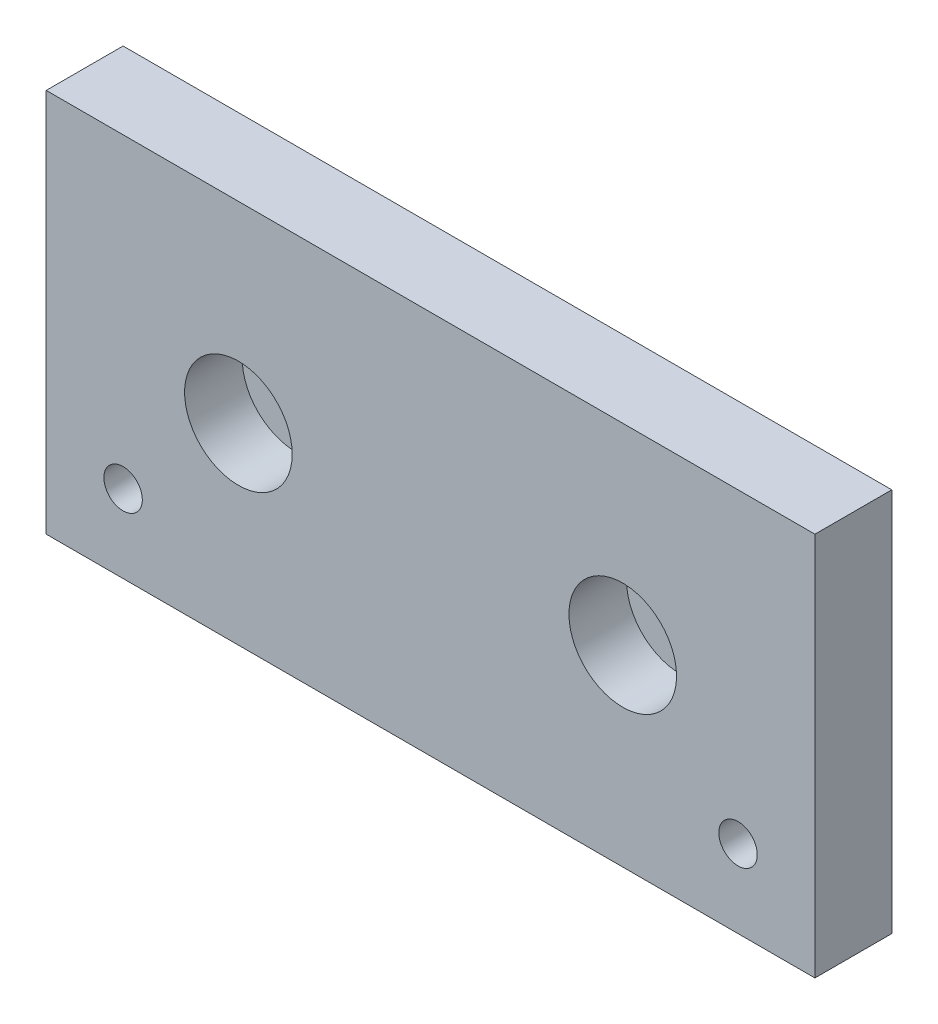
SolidWorks part; units mm, degrees
material "PVC 0.007 Plasticized"
ref_plane "Front Plane" through (0, 0, 0) normal (0, 0, 1) x (1, 0, 0)
ref_plane "Top Plane" through (0, 0, 0) normal (0, 1, 0) x (1, 0, 0)
ref_plane "Right Plane" through (0, 0, 0) normal (1, 0, 0) x (0, 0, -1)
sketch "Sketch1" plane through (0, 0, 0) normal (0, 0, 1) x (1, 0, 0)
  line L1 (100, 50) -> (-100, 50)
  line L2 (100, 50) -> (100, -50)
  line L3 (100, -50) -> (-100, -50)
  line L4 (-100, 50) -> (-100, -50)
  line L5 (100, 50) -> (-100, -50) construction
  line L6 (100, -50) -> (-100, 50) construction
  point P0 (0, 0)
  dimension "D1" = 100
  dimension "D2" = 200
extrude "Boss-Extrude1" add sketch "Sketch1" along normal blind 20
sketch "Sketch2" plane through (0, 0, 20) normal (0, 0, 1) x (1, 0, 0)
  line L0 (0, 0) -> (0, 33.7728) construction
  circle A0 centre (-50, 0) radius 14
  circle A1 centre (50, 0) radius 14
  dimension "D1" = 28
  dimension "D2" = 50
extrude "Cut-Extrude1" cut sketch "Sketch2" against normal blind 15
sketch "Sketch3" plane through (0, 0, 0) normal (0, 0, -1) x (-1, 0, 0)
  circle A0 centre (-60, -9.75) radius 14
  circle A1 centre (60, -9.75) radius 14
  dimension "D1" = 28
  dimension "D2" = 28
extrude "Cut-Extrude2" [suppressed] cut sketch "Sketch3" against normal through all
sketch "Sketch4" plane through (0, 0, 0) normal (0, 0, -1) x (-1, 0, 0)
  circle A2 centre (-80, -29.75) radius 5
  circle A4 centre (80, -29.75) radius 5
extrude "Cut-Extrude3" cut sketch "Sketch4" against normal through all
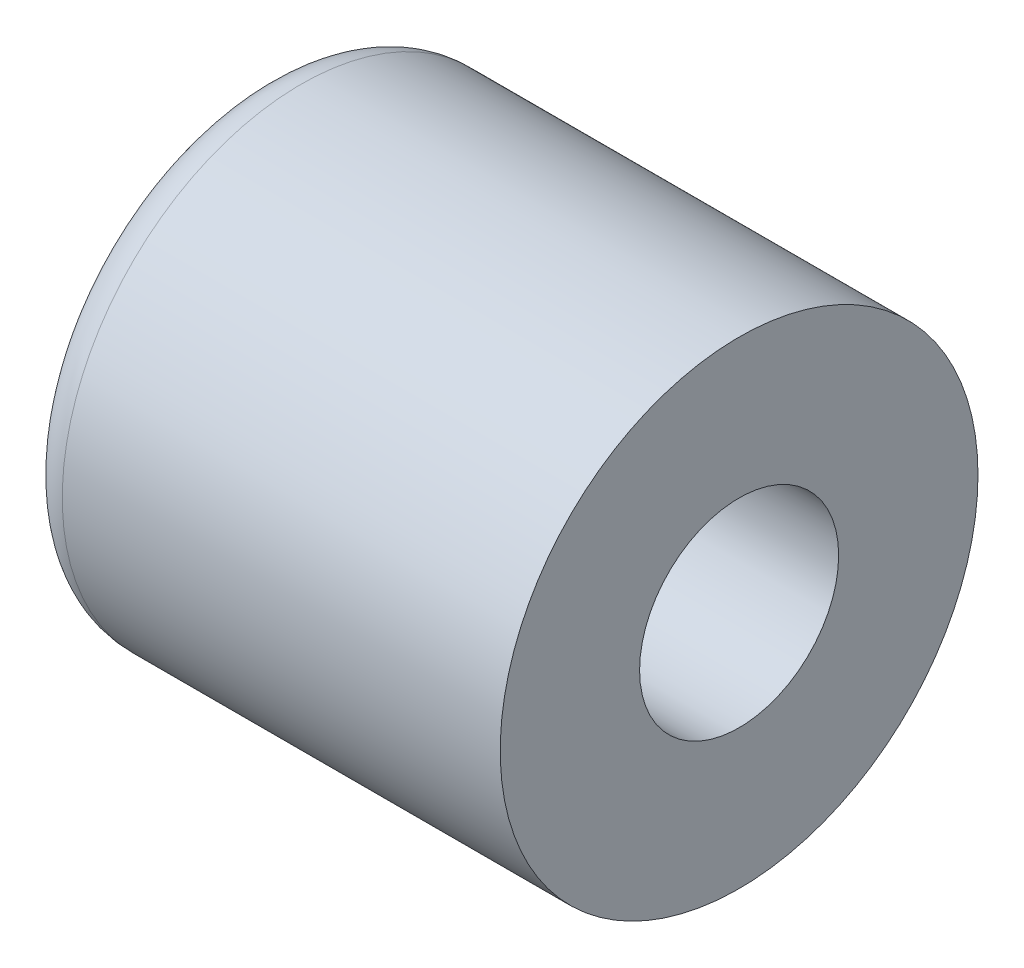
SolidWorks part; units mm, degrees
ref_plane "Front Plane" through (0, 0, 0) normal (0, 0, 1) x (1, 0, 0)
ref_plane "Top Plane" through (0, 0, 0) normal (0, 1, 0) x (1, 0, 0)
ref_plane "Right Plane" through (0, 0, 0) normal (1, 0, 0) x (0, 0, -1)
sketch "Sketch1" plane through (0, 0, 0) normal (1, 0, 0) x (0, 0, -1)
  circle A0 centre (0, 0) radius 6
  circle A1 centre (0, 0) radius 2.5
  dimension "D1" = 12
  dimension "D2" = 5
extrude "Boss-Extrude1" add sketch "Sketch1" along normal blind 12
fillet "Fillet1" radius 1 1 edges at (0, 0, -6)
____
Task requirements – Your answer should be every line above that contains the word "blind".

Result –
extrude "Boss-Extrude1" add sketch "Sketch1" along normal blind 20
extrude "Cut-Extrude1" cut sketch "Sketch2" against normal blind 15
extrude "Boss-Extrude1" add sketch "Sketch1" along normal blind 12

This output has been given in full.